Physics-Based Modelling of Ice Actions and Action Effects on Marine Structures

Physics-based time-domain numerical modelling is a powerful approach to study ice-structure interactions and to accurately and effectively calculate ice actions and action effects on marine structures. In this study, we use the classical problem of ship resistance in level ice (continuous ice breaking mode) to demonstrate the advantages of this approach and to discuss current limitations and directions for future research. A case study comprising four different icebreakers transiting with constant speeds in level ice is presented. The Simulator for Arctic Marine Structures (SAMS) is used herein to generate the numerical results. In total 96 simulation runs are completed. In each simulation, the icebreaker under consideration transits at least twice its length in level ice. Beside varying the transit speed, the drag coefficients are also varied, and the simulations are run with and without including the ventilation effects. The numerical experiments reveal that the forces from the ice rubble are the major contributor to the ice resistance and that the increase of the ice resistance with speed comes mainly from the inertia of the ice rubble. Moreover, the ventilation effect is strongly influenced by the ship hull and it generally increases the total ice resistance independent of the transit speed.
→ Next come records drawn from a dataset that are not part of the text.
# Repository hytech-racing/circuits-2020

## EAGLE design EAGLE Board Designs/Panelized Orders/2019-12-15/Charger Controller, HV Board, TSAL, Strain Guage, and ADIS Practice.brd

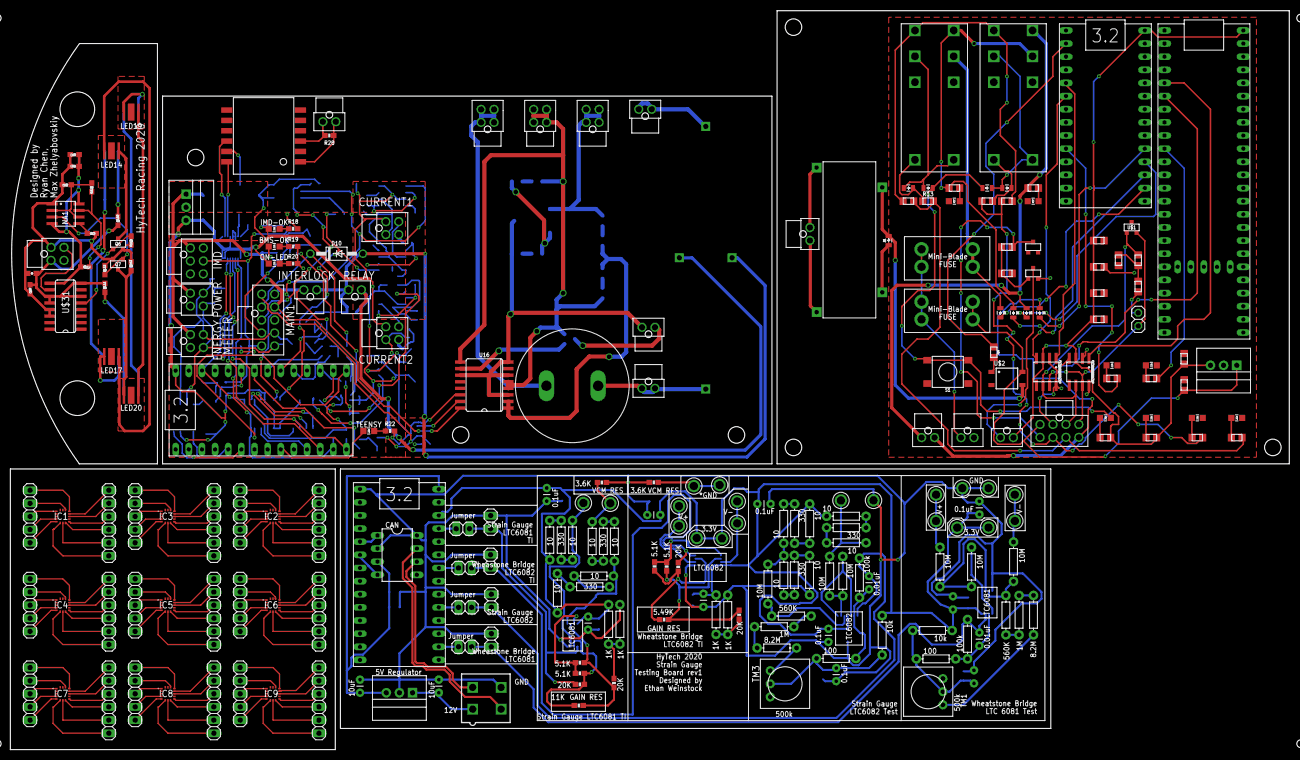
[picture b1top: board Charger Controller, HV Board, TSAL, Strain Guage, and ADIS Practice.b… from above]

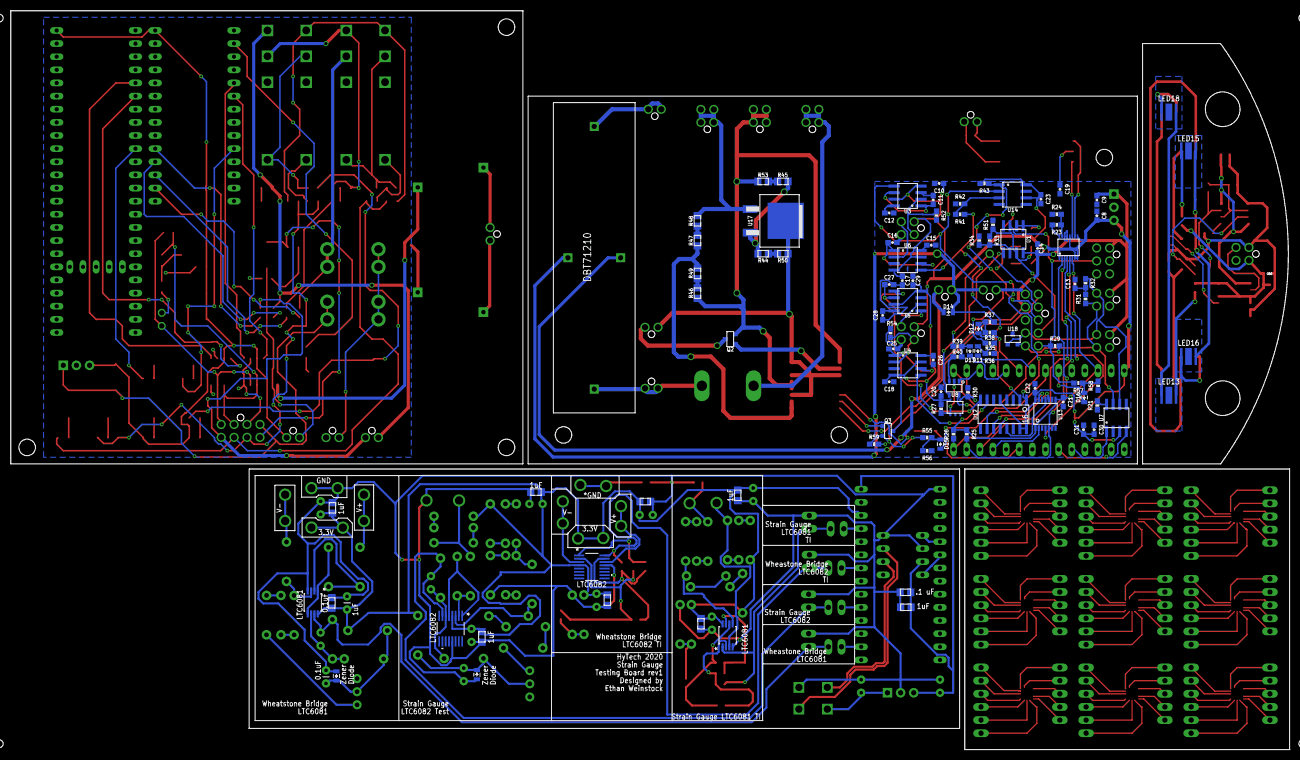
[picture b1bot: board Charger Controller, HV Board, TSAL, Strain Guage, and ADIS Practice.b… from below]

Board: 2 copper layers, 247.3 x 142.9 mm, 344 parts (105 on the bottom side), 312 nets.

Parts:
5ABOARDFUSE, 5ASHUTDOWNFUSE: MINI-BLADE_FUSE_HOLDER
BMS-OK: GREEN; LED-805
BMS_SHUTDOWN_RLY: RT424009; RELAY_DPDT
C1, C6, C40, C43, C47, C49, C55, C57, C59, C60: 1uF; 0805
C2, C7: .1uF; 0805
C3, C4: 10uF; 0805
C5: 4.7nF; 0805
C8, C9: 10uF; 0603-CAP
C10, C11, C14, C16, C17, C18, C20, C21, C22, C23, C25, C27, C29, C30, C31, C64, C67: 0.1uF; 0603-CAP
C12, C15, C26, C28: 530pF; 0603-CAP
C13: 4.7nF; 0603-CAP
C19: 27pF; 0603-CAP
C24: 180µF; LLS2V221MELZ
C38: 0.1uF; 0805
C39, C42, C44, C46, C48, C50, C56, C58, C61: 0.1uF; CAP-PTH-SMALL
C41, C45: 0.01uF; CAP-PTH-SMALL
C51: 1uF; CAP-PTH-SMALL
C52, C53: 10uF; CAP-PTH-SMALL
C54: .1 uF; 0805
C62: 4.7uF; 0603-CAP
C63: 10nF; 0603-CAP
C65, C66: 1uF; 0603-CAP
CAN_TERM_JMP: M02_SLIM; 1X02_SLIM
CAN_TRANSCEIVER_3.2, CAN_TRANSCEIVER_3.5: MCP2551; SOIC-08
CHARGER: CHARGE CONTROL; NANO-FIT_VERTICAL-2
CURRENT1, CURRENT2: CURRENT; NANO-FIT_VERTICAL-4
D1, D2, D4, D5, D6, D7, D8, D9, D11, D12, D13, D14, D15, D16: TS4148 RYG; 0805_D
D3: DIODE; 0805_D
D10: DIODE; DO-41
DISCH+: DISCHARGE+; NANO-FIT_VERTICAL-2
ENERGYMETER: ENERGY METER; NANO-FIT_VERTICAL-4
HV+FUSED_1A-IMD+: HV+; NANO-FIT_VERTICAL-4
HV+UNFUSED: HV+UNFUSED; NANO-FIT_VERTICAL-2
HV-FUSED_1A-IMD-: HV-; NANO-FIT_VERTICAL-4
HV-UNFUSED_DISCHARGE-: HV-UNFUSED; NANO-FIT_VERTICAL-4
IC1, IC2, IC3, IC4, IC5, IC6, IC7, IC8, IC9: KX124-1051; 3X3LGA
IMD: IMD; NANO-FIT_VERTICAL-6
IMD-OK: YELLOW; LED-805
IMD_SHUTDOWN_RLY: RT424009; RELAY_DPDT
INDICATOR: INDICATOR; NANO-FIT_VERTICAL-2
INTERLOCK: INTERLOCK; NANO-FIT_VERTICAL-2
ISO_SPI: ISO_SPI; NANO-FIT_VERTICAL-2
J1, J2, J3, J4: JUMPER.1; 1X02
JP1, JP2, JP5, JP7, JP9, JP11, JP13, JP15, JP17: 1X06
JP3, JP4, JP6, JP8, JP10, JP12, JP14, JP16, JP18: 1X05
JP19, JP20, JP21, JP22: M02; 1X02
LED1: Purple; LED-805
LED3: Yellow; LED-805
LED4: Green; LED-805
LED6: White; LED-805
LED13, LED18, LED19, LED20: RED; XP-E2
LED14, LED15, LED16, LED17: GRN; XP-E2
LT1790B, LT1790B2: 1.25V; 0805_D
MAIN: MAIN CONNECTOR; NANO-FIT_VERTICAL-8
MAIN1: MAIN; NANO-FIT_VERTICAL-10
NA1: NA555SO-8; SOIC-08
ON-LED: PURPLE; LED-805
POWER: POWER; NANO-FIT_VERTICAL-2
POWER1: POWER; NANO-FIT_VERTICAL-4
POWERTAIL: Powerswitch Tail; NANO-FIT_VERTICAL-2
Q1, Q6, Q7: SOT23
Q2, Q3: DMG3406L; SOT23
R1, R13: 20; 0805
R1_1, R1_3, R1_6, R1_8: 5.1K; 0603-RES
R1_2, R1_4, R1_5, R1_7: 20K; 0603-RES
R1_9: 5.49K; 0603-RES
R1_11: 11K; 0603-RES
R2, R3, R7, R16, R44, R50: 2k; 0805
R4, R45, R53: 20k; 0805
R5: 270; 0805
R6: 5.1k; 0805
R8: 33; 0805
R9, R10: 60; 0805
R11: 40k; 0805
R12: 10k; 0805
R14: 360; 0805
R15, R17: 68; 0805
R18: 820; 0603-RES
R19, R25, R26, R29, R34, R43, R51, R59, R113, R114, R115: 2k; 0603-RES
R20: 270; 0603-RES
R21, R23, R24, R112: 1k; 0603-RES
R22: 43; 0603-RES
R27: 430; 0603-RES
R28: 100; 0603-RES
R30: 10k; 0603-RES
R31, R32: 60; 0603-RES
R33: 4k; 0603-RES
R35, R37, R39, R57: 43k; 0603-RES
R36, R38, R40, R58: 12k; 0603-RES
R41: 261; 0603-RES
R42: 5K; 0603-RES
R46: 1.4k; 0805
R47, R48: 510k; 0805
R49: 14k; 0805
R52, R54: 10K; 0603-RES
R55, R56: 5k; 0603-RES
R67, R70, R71, R72, R74, R85: 10M; AXIAL-0.3
R68, R69, R78, R80, R82, R83, R87, R89, R99, R100, R102, R103: 10; AXIAL-0.3
R73, R81: 8.2M; AXIAL-0.3
R75, R91: 100k; AXIAL-0.3
R76, R95: 100; AXIAL-0.3
R77, R96: 10k; AXIAL-0.3
R79, R84, R86, R88, R98, R104: 330; AXIAL-0.3
R90, R93: 1M; AXIAL-0.3
R92, R94: 560K; AXIAL-0.3
R97, R108: 3.6K; 0603-RES
R101, R105, R106, R107: 1K; AXIAL-0.3
R109, R111: 330R; 0603-RES
R110: 50k; 0603-RES
REG, REG1: 5V; OKI-78SR
RELAY: RELAY; NANO-FIT_VERTICAL-2
S1: TACTILE_SWITCH_SMD_6.2MM_TALL
SHUTDOWN_B: Yellow; LED-805
SHUTDOWN_BUTTON: Shutdown Button; NANO-FIT_VERTICAL-2
SHUTDOWN_C: Green; LED-805
STATUS, STATUS1: RED; LED-805
TEENSY: BLUE; LED-805
TEENSY3.2: TEENSY_3.2_SIMPLE
TM1, TM3: 500k; TRIM-3386
U1: OPA2172; SOIC-08
U2: OKI-78SR-5; OKI-78SR
U3, U4, U5, U6: MAX7480; SOIC-08
U7: MCP2551; SOIC-08
U8: SN74LVC1G08; SOT-23-5
U9: LTC6820; MSOP-16
U10: STWD100; SOT23-5
U11: HM2102NLT
U12: MCP3208SOIC; SOIC-16
U13: TXB0104TSSOP; TSSOP-14
U14: MCP6542SOIC; SOIC-08
U15: DBT71210
U16: UCC21520A; SO16-DW
U17: LR8; TO-252
U18: CDSOT23-T24CAN-Q; SOT23
U19, U20: LTC6082CGNPBF; SSOP-16_GN
U$1: CDSOT23-T24CAN-Q; SOT23
U$2: CPC1002N; SOP04
U$3: KT12-1A-40L-THT
U$4, U$8: TEENSY_3.2_SIMPLE
U$5: TEENSY_3.5_EXT
U$7, U$21: LTC6081; MSOP-8_MS
U$9, U$10, U$11, U$12, U$13, U$14, U$15, U$16, U$17, U$18, U$19, U$20, U$23, U$24, U$25, U$26, U$27, U$28, U$29, U$30: TEST_POINT
U$22: MCP2551DIL; DIL08
U$31: MAX4622; SO16
X2: CONNECTOR-4; MINIFIT_5566-4
X3: CONNECTOR-4NANO-FIT-VERTICAL-4; NANO-FIT_VERTICAL-4
ZENER: SOT23

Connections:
3V3: C38.2, C39.1, C40.1, C42.2, C43.1, C46.1, C47.1, C48.1, C49.1, C51.1, C56.2, C57.1, C58.1, C59.1, C60.1, C61.2, R77.P$2, R78.P$1, R80.P$1, R96.P$2, R99.P$2, R101.P$2, R103.P$2, R106.P$2, U19.4, U20.4, U$7.8, U$8.3.3V, U$11.P$1, U$18.P$1, U$21.8, U$23.P$1, U$30.P$1
60V_THRESHOLD_SIGNAL: MAIN1.P$1, Q3.2, R55.1, R59.1
60V_THRESHOLD_TEENSY: D15.C, TEENSY3.2.A6
+3V3: C21.1, R25.1, R26.1, TEENSY3.2.3.3V, U8.5, U9.6, U13.1, U13.8
+5V: C1.2, C2.2, C4.2, C6.2, C7.2, CAN_TRANSCEIVER_3.2.3, CAN_TRANSCEIVER_3.5.3, POWERTAIL.P$1, R5.1, R6.1, REG.3, U$4.VIN, U$5.VIN
+5V1: C8.1, C10.1, C17.1, C18.1, C20.1, C22.1, C23.1, C29.1, C30.1, C31.1, CURRENT1.P$1, CURRENT2.P$1, ON-LED.A, Q3.3, R27.1, R43.2, TEENSY3.2.VIN, U2.3, U3.4, U3.7, U4.4, U4.7, U5.4, U5.7, U6.4, U6.7, U7.3, U9.1, U9.7, U9.8, U9.9, U9.12, U10.VCC, U12.5, U12.15, U12.16, U13.14, U14.6, U14.8
+5V2: C53.2, C54.2, C55.2, REG1.3, U$8.VIN, U$22.3
+12V: 5ABOARDFUSE.R1, 5ABOARDFUSE.R2, C3.2, MAIN.P$4, REG.1, U$2.4
+12V1: C9.1, C14.1, ENERGYMETER.P$1, IMD.P$1, MAIN1.P$7, POWER1.P$1, U1.8, U2.1, U16.16
+12V2: C52.2, REG1.1, X2.1
+12VIN: 5ABOARDFUSE.L1, 5ABOARDFUSE.L2, 5ASHUTDOWNFUSE.L1, 5ASHUTDOWNFUSE.L2, POWER.P$2
BMS_OK: MAIN.P$7, R1.1, R2.1, R8.1
BMS_OK_3.3V: U1.5, U8.4
BMS_OK_10V: BMS-OK.A, MAIN1.P$4, R33.2, R51.1, U1.7
BMS_OK_RELAY: BMS_SHUTDOWN_RLY.COIL+, D6.C, R1.2
BMS_PWR_STEP: BMS_SHUTDOWN_RLY.3, BMS_SHUTDOWN_RLY.COIL-, D1.A, D6.A
BSPD_CURR_REFERENCE: R41.1, R42.2, U14.3
BSPD_CURR_SIGNAL: MAIN1.P$3, R43.1, U14.1
CANH: CAN_TERM_JMP.1, CAN_TRANSCEIVER_3.2.7, CAN_TRANSCEIVER_3.5.7, MAIN.P$1, U$1.2
CANH1: ENERGYMETER.P$4, MAIN1.P$10, POWER1.P$4, R31.2, U7.7, U18.2
CANH2: U$22.7, X2.3
CANL: CAN_TRANSCEIVER_3.2.6, CAN_TRANSCEIVER_3.5.6, MAIN.P$2, R9.1, U$1.1
CANL1: ENERGYMETER.P$3, MAIN1.P$9, POWER1.P$3, R32.2, U7.6, U18.1
CANL2: U$22.6, X2.2
CHARGER_1: CHARGER.P$1, U$3.S1
CHARGER_2: CHARGER.P$2, U$3.S2
CHARGE_CONTROL: D3.C, U$2.3, U$3.C1
CHARGE_ENABLE: MAIN.P$8, R11.2, ZENER.3
CHARGE_ENABLE1: D10.C, MAIN1.P$2, R39.1
CHARGE_ENABLE_TEENSY: D13.C, TEENSY3.2.A3
CS_LTC6820: TEENSY3.2.D10(TX2), U9.5
CS_MCP3208_3.3V: TEENSY3.2.D9(RX2), U13.2
CURR1_SENSE: CURRENT1.P$2, R52.1, U3.2
CURR1_SENSE_FILTERED: U3.5, U12.1, U14.2
CURR2_SENSE: CURRENT2.P$2, R54.1, U4.2
CURR2_SENSE_FILTERED: U4.5, U12.7
DISCHARGE_RELAY_GND: D14.A, RELAY.P$2, U15.COIL-
GND: C1.1, C2.1, C3.1, C4.1, C5.2, C6.1, C7.1, CAN_TRANSCEIVER_3.2.2, CAN_TRANSCEIVER_3.2.8, CAN_TRANSCEIVER_3.5.2, CAN_TRANSCEIVER_3.5.8, D3.A, LED1.C, LED3.C, LED4.C, MAIN.P$3, POWER.P$1, Q1.2, R12.1, REG.2, S1.B1, S1.B2, SHUTDOWN_B.C, SHUTDOWN_C.C, STATUS.C, STATUS1.C, U$1.3, U$2.2, U$3.C2, U$4.GND, U$5.GND, ZENER.1
GND1: C8.2, C9.2, C10.2, C11.2, C12.2, C13.1, C14.2, C15.2, C16.2, C17.2, C18.2, C19.2, C20.2, C21.2, C22.2, C23.2, C25.2, C26.2, C27.2, C28.2, C29.2, C30.2, C31.2, CURRENT1.P$4, CURRENT2.P$4, ENERGYMETER.P$2, IMD.P$2, IMD.P$3, IMD.P$4, MAIN1.P$8, POWER1.P$2, R18.1, R19.2, R20.2, R21.1, R22.2, R24.2, R29.2, R30.2, R34.1, R36.1, R38.1, R40.1, R42.1, R51.2, R52.2, R54.2, R56.1, R58.1, R59.2, TEENSY3.2.AGND, TEENSY3.2.GND, U1.4, U2.2, U3.3, U4.3, U5.3, U6.3, U7.2, U8.3, U9.13, U9.14, U10.EN, U10.GND, U12.4, U12.9, U12.14, U13.7, U14.4, U14.5, U16.14, U18.3
GND1_A: IC1.5, JP10.1
GND1_B: IC2.5, JP12.1
GND1_C: IC3.5, JP6.1
GND1_D: IC4.5, JP4.1
GND1_E: IC5.5, JP8.1
GND1_F: IC6.5, JP3.1
GND1_G: IC7.5, JP14.1
GND1_H: IC8.5, JP16.1
GND1_I: IC9.5, JP18.1
GND2_A: IC1.12, JP9.6
GND2_B: IC2.12, JP11.6
GND2_C: IC3.12, JP5.6
GND2_D: IC4.12, JP1.6
GND2_E: IC5.12, JP7.6
GND2_F: IC6.12, JP2.6
GND2_G: IC7.12, JP13.6
GND2_H: IC8.12, JP15.6
GND2_I: IC9.12, JP17.6
GND3: C38.1, C39.2, C40.2, C42.1, C43.2, C44.1, C46.2, C47.2, C48.2, C49.2, C50.1, C51.2, C52.1, C53.1, C54.1, C55.1, C56.1, C57.2, C58.2, C59.2, C60.2, C61.1, JP19.1, JP20.1, JP21.1, JP22.1, LT1790B.A, LT1790B2.A, R89.P$1, R97.1, R105.P$1, R107.P$1, R108.1, REG1.2, U19.13, U20.13, U$7.4, U$8.GND, U$14.P$1, U$15.P$1, U$20.P$1, U$21.4, U$22.2, U$22.8, X2.4
GND4: C62.2, C63.2, C64.2, C65.2, C66.2, C67.2, NA1.1, Q6.2, Q7.2, R113.2, R114.2, R115.2, U$31.13, U$31.14, X3.P$1
GRN1: Q6.1, R114.1, U$31.5
HV+FUSED_1A: HV+FUSED_1A-IMD+.P$1, HV+FUSED_1A-IMD+.P$2, HV+FUSED_1A-IMD+.P$3, HV+FUSED_1A-IMD+.P$4, R48.2, U17.1
HV+UNFUSED: C24.P$1, HV+UNFUSED.P$1, HV+UNFUSED.P$2, U15.CONTACT1
HV+UNFUSED_FSAE_DISCHARGE: DISCH+.P$1, DISCH+.P$2, U15.CONTACT2
HV-FUSED_1A: HV-FUSED_1A-IMD-.P$1, HV-FUSED_1A-IMD-.P$2, HV-FUSED_1A-IMD-.P$3, HV-FUSED_1A-IMD-.P$4, Q2.2, R46.1, R53.2, U16.4, U16.5, U16.9
HV-UNFUSED: C24.P$2, HV-UNFUSED_DISCHARGE-.P$1, HV-UNFUSED_DISCHARGE-.P$2, HV-UNFUSED_DISCHARGE-.P$3, HV-UNFUSED_DISCHARGE-.P$4
IM: U9.10, U11.P$10
IMD_PWR_STEP: D7.A, D9.A, IMD_SHUTDOWN_RLY.3, IMD_SHUTDOWN_RLY.COIL-
INB-: C45.1, R91.P$1, R95.P$2, U$7.6
INT1_A: IC1.11, JP9.5
INT1_B: IC2.11, JP11.5
INT1_C: IC3.11, JP5.5
INT1_D: IC4.11, JP1.5
INT1_E: IC5.11, JP7.5
INT1_F: IC6.11, JP2.5
INT1_G: IC7.11, JP13.5
INT1_H: IC8.11, JP15.5
INT1_I: IC9.11, JP17.5
INT2_A: IC1.9, JP9.4
INT2_B: IC2.9, JP11.4
INT2_C: IC3.9, JP5.4
INT2_D: IC4.9, JP1.4
INT2_E: IC5.9, JP7.4
INT2_F: IC6.9, JP2.4
INT2_G: IC7.9, JP13.4
INT2_H: IC8.9, JP15.4
INT2_I: IC9.9, JP17.4
IO_VDD_A: IC1.1, JP10.3
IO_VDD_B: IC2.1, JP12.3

Further, the numerical experiments show that the rubble transport is largely influenced by the viscous forces of the ambient fluid flow, i.e., larger ice rubble coverage under the hull is achieved at higher transit speeds or when using large drag coefficients. Finally, the findings of the numerical experiments indicate that further improvements to our predictions can be achieved if processes like dynamic ice fracture, backfill effect and gap pressure are accounted for in the model.